Records from a data source
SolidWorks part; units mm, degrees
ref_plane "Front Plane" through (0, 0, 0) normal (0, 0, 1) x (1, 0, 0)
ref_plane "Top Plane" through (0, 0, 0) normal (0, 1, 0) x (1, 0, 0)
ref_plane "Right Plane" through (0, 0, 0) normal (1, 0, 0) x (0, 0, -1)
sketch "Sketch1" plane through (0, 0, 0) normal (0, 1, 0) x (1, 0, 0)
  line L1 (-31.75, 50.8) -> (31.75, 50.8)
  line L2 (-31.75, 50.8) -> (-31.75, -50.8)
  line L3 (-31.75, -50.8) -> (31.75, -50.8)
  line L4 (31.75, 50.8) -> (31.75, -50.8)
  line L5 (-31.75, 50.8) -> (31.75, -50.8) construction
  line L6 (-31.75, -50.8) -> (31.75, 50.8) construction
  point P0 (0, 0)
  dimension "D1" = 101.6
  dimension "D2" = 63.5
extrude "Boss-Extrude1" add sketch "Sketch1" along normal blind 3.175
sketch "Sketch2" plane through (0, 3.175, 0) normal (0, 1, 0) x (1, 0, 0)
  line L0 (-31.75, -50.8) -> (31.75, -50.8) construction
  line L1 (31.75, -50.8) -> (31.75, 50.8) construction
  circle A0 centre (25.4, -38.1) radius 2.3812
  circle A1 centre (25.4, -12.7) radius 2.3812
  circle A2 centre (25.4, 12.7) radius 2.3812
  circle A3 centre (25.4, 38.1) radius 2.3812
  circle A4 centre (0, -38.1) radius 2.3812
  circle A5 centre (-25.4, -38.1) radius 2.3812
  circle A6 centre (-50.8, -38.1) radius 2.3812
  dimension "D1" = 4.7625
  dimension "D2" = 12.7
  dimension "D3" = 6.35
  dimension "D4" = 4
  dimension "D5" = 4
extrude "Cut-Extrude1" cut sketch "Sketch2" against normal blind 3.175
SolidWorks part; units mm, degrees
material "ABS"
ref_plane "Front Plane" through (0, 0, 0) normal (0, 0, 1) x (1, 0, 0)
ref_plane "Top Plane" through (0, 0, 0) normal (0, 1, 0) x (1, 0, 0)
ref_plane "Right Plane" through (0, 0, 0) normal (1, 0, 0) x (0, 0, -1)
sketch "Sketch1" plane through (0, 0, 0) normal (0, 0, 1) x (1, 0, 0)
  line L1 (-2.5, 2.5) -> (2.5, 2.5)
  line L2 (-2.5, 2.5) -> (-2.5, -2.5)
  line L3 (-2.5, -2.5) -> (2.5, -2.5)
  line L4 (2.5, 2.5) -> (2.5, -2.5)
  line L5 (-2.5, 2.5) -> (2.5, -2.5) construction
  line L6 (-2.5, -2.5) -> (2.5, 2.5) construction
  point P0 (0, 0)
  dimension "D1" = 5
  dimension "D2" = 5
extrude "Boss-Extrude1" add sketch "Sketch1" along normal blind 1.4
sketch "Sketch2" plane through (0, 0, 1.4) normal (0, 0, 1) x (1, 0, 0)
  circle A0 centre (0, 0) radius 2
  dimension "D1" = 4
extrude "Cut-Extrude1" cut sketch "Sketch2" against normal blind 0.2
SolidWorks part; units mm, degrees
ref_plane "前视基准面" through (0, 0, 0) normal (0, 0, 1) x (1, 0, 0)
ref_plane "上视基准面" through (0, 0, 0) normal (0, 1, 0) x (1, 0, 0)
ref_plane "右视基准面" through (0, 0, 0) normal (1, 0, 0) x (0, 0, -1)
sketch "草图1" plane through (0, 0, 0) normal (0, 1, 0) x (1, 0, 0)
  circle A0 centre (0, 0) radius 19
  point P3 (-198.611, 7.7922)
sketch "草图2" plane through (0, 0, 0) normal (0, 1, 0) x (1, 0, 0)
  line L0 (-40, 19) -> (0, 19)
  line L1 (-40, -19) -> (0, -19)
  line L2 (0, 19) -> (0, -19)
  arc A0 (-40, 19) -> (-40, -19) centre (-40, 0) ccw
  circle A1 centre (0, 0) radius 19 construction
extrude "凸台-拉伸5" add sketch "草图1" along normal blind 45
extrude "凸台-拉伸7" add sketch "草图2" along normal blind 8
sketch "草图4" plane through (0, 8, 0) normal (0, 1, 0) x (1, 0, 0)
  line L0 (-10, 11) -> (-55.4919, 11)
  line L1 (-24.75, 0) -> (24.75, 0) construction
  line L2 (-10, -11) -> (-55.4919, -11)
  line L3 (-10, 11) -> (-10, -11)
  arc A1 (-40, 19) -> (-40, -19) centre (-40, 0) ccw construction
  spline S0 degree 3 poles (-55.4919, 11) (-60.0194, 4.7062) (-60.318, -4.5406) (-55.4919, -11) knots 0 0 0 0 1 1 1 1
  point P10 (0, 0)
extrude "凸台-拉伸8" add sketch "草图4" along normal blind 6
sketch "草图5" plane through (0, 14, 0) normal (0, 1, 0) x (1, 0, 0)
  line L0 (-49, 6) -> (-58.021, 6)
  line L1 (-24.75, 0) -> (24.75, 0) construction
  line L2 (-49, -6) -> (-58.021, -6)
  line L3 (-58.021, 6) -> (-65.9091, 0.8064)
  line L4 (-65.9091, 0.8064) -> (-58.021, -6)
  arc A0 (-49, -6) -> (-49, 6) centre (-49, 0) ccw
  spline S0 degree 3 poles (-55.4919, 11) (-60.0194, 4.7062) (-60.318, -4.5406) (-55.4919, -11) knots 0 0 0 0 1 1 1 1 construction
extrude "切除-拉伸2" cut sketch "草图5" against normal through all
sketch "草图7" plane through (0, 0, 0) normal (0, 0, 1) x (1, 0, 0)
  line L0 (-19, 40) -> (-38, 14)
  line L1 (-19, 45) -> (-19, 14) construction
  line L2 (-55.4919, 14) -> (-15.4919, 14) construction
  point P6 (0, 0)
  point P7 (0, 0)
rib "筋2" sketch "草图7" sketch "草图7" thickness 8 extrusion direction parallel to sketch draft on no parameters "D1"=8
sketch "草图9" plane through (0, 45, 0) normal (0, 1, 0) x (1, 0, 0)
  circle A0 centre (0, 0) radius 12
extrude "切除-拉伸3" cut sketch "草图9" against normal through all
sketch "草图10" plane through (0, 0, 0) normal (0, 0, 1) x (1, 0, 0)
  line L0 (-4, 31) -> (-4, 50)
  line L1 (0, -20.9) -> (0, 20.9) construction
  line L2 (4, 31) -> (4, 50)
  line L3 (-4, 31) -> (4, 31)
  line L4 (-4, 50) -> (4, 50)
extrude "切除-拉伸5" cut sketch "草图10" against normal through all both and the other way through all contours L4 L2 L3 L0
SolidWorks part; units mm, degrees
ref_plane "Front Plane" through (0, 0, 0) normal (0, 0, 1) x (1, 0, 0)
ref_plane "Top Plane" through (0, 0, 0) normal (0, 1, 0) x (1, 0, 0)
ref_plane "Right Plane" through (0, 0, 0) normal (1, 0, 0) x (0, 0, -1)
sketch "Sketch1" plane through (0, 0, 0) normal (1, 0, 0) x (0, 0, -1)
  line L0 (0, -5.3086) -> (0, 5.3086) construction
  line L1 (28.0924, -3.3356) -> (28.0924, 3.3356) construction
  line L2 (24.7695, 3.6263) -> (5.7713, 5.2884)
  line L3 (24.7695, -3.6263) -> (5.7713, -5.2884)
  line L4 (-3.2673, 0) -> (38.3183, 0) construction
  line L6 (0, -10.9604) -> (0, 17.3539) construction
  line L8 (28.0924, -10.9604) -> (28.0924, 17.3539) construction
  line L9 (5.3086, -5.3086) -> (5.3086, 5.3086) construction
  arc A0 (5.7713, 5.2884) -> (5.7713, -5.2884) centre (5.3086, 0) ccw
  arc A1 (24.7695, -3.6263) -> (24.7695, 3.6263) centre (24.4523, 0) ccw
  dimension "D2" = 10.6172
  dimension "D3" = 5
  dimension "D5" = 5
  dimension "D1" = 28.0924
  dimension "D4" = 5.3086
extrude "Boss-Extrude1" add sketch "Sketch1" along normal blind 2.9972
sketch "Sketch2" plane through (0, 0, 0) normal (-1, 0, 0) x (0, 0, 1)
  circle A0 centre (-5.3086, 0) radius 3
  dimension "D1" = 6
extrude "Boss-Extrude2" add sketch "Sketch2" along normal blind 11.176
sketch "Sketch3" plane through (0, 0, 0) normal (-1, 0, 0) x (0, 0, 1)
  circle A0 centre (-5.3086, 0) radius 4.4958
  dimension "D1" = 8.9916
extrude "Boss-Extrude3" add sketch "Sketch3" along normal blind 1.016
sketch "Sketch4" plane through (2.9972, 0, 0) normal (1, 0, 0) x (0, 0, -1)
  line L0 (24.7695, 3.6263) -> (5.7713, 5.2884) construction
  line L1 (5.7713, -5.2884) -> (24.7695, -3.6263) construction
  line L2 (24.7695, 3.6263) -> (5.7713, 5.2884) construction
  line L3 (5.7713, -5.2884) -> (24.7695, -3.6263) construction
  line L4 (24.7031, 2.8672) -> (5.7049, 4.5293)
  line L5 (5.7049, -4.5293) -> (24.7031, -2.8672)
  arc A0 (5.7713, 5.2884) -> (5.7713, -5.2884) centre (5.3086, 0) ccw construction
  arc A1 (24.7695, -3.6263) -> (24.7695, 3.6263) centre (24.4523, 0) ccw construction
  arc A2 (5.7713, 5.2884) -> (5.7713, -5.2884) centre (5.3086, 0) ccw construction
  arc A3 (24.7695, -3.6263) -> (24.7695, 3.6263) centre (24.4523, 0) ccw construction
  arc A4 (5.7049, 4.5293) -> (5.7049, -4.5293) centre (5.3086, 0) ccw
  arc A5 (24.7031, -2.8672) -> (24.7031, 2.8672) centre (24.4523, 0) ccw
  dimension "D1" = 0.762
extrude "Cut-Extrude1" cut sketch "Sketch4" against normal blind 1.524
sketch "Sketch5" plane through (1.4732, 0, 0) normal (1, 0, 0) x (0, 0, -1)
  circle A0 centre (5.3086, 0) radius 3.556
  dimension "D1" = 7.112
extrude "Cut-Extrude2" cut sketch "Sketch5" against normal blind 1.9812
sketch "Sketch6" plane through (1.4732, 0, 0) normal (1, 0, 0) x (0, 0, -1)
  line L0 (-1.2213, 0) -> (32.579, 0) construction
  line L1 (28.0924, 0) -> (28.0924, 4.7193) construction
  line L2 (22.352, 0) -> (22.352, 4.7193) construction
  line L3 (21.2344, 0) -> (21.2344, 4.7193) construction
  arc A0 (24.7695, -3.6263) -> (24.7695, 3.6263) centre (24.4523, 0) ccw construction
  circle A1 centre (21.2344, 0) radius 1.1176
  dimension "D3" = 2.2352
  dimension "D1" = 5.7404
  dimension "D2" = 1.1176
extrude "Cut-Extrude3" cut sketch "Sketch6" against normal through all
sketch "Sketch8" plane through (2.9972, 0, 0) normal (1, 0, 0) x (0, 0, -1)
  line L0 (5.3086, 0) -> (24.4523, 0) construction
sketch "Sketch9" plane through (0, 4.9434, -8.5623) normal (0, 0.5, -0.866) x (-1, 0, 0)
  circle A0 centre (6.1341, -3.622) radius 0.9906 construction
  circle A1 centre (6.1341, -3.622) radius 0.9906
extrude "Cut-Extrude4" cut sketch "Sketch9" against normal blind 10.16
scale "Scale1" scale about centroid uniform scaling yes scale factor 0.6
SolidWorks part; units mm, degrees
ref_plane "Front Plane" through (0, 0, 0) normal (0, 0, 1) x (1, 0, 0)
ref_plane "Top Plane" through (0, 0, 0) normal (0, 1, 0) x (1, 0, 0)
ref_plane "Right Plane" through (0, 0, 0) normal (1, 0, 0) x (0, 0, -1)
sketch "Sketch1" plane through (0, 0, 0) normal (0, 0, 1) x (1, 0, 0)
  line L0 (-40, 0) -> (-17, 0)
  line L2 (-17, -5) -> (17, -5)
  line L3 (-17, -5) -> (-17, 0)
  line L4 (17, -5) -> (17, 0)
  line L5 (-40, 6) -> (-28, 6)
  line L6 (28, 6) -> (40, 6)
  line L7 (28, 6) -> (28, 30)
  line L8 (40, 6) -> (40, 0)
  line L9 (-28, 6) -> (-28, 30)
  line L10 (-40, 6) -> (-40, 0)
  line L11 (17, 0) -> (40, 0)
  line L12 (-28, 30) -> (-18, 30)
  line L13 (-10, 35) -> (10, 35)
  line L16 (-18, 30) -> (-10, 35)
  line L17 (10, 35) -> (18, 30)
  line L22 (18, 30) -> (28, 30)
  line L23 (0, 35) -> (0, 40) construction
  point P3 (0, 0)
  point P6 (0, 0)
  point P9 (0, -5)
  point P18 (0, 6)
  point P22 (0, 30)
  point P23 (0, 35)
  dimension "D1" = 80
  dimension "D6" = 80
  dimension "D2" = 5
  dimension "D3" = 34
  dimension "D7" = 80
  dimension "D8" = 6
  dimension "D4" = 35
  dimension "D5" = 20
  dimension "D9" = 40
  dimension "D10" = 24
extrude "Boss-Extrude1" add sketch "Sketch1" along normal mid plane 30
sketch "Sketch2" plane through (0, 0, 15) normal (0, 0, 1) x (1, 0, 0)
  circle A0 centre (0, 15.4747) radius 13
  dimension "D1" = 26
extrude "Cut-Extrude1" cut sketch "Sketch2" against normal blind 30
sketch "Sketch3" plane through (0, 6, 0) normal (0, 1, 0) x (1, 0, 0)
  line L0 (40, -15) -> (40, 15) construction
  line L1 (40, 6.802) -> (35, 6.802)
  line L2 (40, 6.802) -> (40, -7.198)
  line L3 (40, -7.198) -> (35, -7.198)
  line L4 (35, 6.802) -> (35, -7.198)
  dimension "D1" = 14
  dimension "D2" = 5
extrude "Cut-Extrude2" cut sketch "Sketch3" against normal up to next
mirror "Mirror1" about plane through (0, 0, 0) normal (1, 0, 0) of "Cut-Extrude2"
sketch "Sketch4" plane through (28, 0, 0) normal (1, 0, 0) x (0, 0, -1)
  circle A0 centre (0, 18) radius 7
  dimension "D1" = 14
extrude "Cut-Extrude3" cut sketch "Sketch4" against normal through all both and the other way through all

▶ WHAT THE TASK ASKS
Among the lines of the data, which ones contain the word "both"? Show them.

▶ YOUR SOLUTION
extrude "切除-拉伸5" cut sketch "草图10" against normal through all both and the other way through all contours L4 L2 L3 L0
extrude "Cut-Extrude3" cut sketch "Sketch4" against normal through all both and the other way through all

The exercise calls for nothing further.